Logistic regression with known probabilities for some datapoints I have a dataset with several features and a binary outcome (0 or 1), from which I want to estimate the probability of getting 1 based on some of those features.
I thought of applying logistic regression, however there’s a constraint I have on some datapoints where the probability is expected to be around 1/2. How do I enforce this in the model training? (Related question: how do I enforce this with sklearn?)
Intuitively I’m thinking of modifying the usual likelihood function by adding the terms with probability at 1/2, but not sure if there’s a better way or if I should use another approach altogether.
 A: I will assume that the objective here is to fit the model subject to the constraint that the predicted probability for one of the observations should have a value of exactly $p_0$ (not just a value "around" $p_0$).
Letting $\mathbf{x}_0$ denote the covariate vector for that observation, this amounts to a linear constraint
$$
\mathbf{x}_0^T\boldsymbol\beta=\eta_0=\operatorname{logit} p_0 \tag{1}
$$
on the parameter vector $\boldsymbol\beta$.  This means that one of the elements of $\boldsymbol\beta$ in effect is redundant and can be eliminated from the model by substitution.  This in turn leads to a modified design matrix and an offset term as follows.
Partitioning $\boldsymbol\beta$ into subvectors containing the redundant element $\beta_j$ and the remaining elements $\boldsymbol\beta_{-j}$, and partitioning $\mathbf{x}_0$ the same way such that $x_{0,j}\neq 0$, (1) can be written as
$$
\begin{bmatrix} \mathbf{x}_{0,-j}^T & x_{0,j}\end{bmatrix}
\begin{bmatrix} \boldsymbol\beta_{-j}\\ \beta_j \end{bmatrix}
=\eta_0
$$
or
$$
\mathbf{x}_{0,-j}^T \boldsymbol\beta_{-j} + x_{0,j}\beta_j=\eta_0
$$
implying that
$$
\beta_j=x_{0,j}^{-1}(\eta_0 - \mathbf{x}_{0,-j}^T \boldsymbol\beta_{-j}).\tag{2}
$$
For the other observations we have
$$
\boldsymbol\eta=\mathbf{X}\boldsymbol\beta,
$$
or, after partitioning of the design matrix $\mathbf{X}$ the same way into its $j$'th column $\mathbf{x}_j$ and the remaining columns $\mathbf{X}_{-j}$,
$$
\boldsymbol\eta=\begin{bmatrix} \mathbf{X}_{-j} & \mathbf{x}_j\end{bmatrix}
\begin{bmatrix} \boldsymbol\beta_{-j}\\ \beta_j \end{bmatrix}=\mathbf{X}_{-j}\boldsymbol\beta_{-j} + \mathbf{x}_j\beta_j. \tag{3}
$$
Substituting (2) into (3) and rearranging terms the model takes the form
$$
\boldsymbol\eta=\underbrace{(\mathbf{X}_{-j}-x_{0,j}^{-1}\mathbf{x}_j\mathbf{x}_{0,-j}^T)}_{\mathbf{X}^*}\boldsymbol\beta_{-j} + \underbrace{x_{0,j}^{-1}\eta_0\mathbf{x}_j }_{\text{offset}}
$$
where $\mathbf{X}^*$ is the appropriate modified design matrix and the second term the offset term needed to fit the model subject to (1).

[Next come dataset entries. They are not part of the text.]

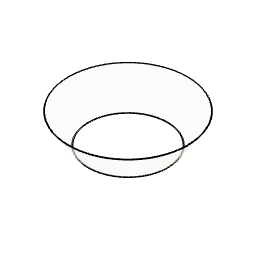
jalkalampunvarjostin v3 (Autodesk Fusion 360 design; units mm, degrees)
Autodesk Fusion 360 part; units mm, degrees
sketch "Sketch1" plane through (0, 0, 0) normal (0, 1, 0) x (1, 0, 0)
  line L0 (0, 0) -> (0, -75) construction
  line L1 (0, -75) -> (150, -75) construction
  line L2 (0, 0) -> (99, 0) construction
  line L3 (99, 0) -> (150, -75)
  line L4 (150, -75) -> (152, -75)
  line L5 (99, 0) -> (101, 0)
  line L6 (101, 0) -> (152, -75)
  dimension "d2" = 75
  dimension "d3" = 150
  dimension "d12" = 99
  dimension "d13" = 2
  dimension "d14" = 2
  constraint coincident L0.start L2.start
  constraint perpendicular L0 L1
  constraint perpendicular L0 L2
  constraint parallel L1 L4
  constraint parallel L2 L5
  measures "d2" distance of L0.start L0.end
  measures "d3" distance of L0.end L1.end
  measures "d12" distance of L0.start L2.end
  measures "d13" distance of L1.end L4.end
  measures "d14" distance of L2.end L5.end
revolve "Revolve2" add sketch "Sketch1" angle 360 about axis through (0, 0, 0) along (0, 0, 1)
fillet "Fillet2" radius 0.5 1 edges at (-141.7138, -54.9655, 75)
equation "d3 = ( 300 / 2 ) * 1 mm"
equation "d12 = ( 198 / 2 ) * 1 mm"
equation "d13 = materialthickness"
equation "d14 = materialthickness"
equation "materialthickness = 2 mm"

As a side note, a potentially useful application of the above method is the computation of profile likelihood based confidence intervals for $\eta_0$ and $p_0$ which may have better performance than the current confidence intervals computed by predict.glm in R that relies on asymptotic normality of $\hat{\boldsymbol\beta}$.  The above method can also be straightforwardly extended to fit GLMs under general linear hypotheses on the form $\mathbf{C}\boldsymbol\beta=\mathbf{d}$ to facilitate likilihood ratio tests as opposed to sometimes less accurate Wald tests of such hypotheses.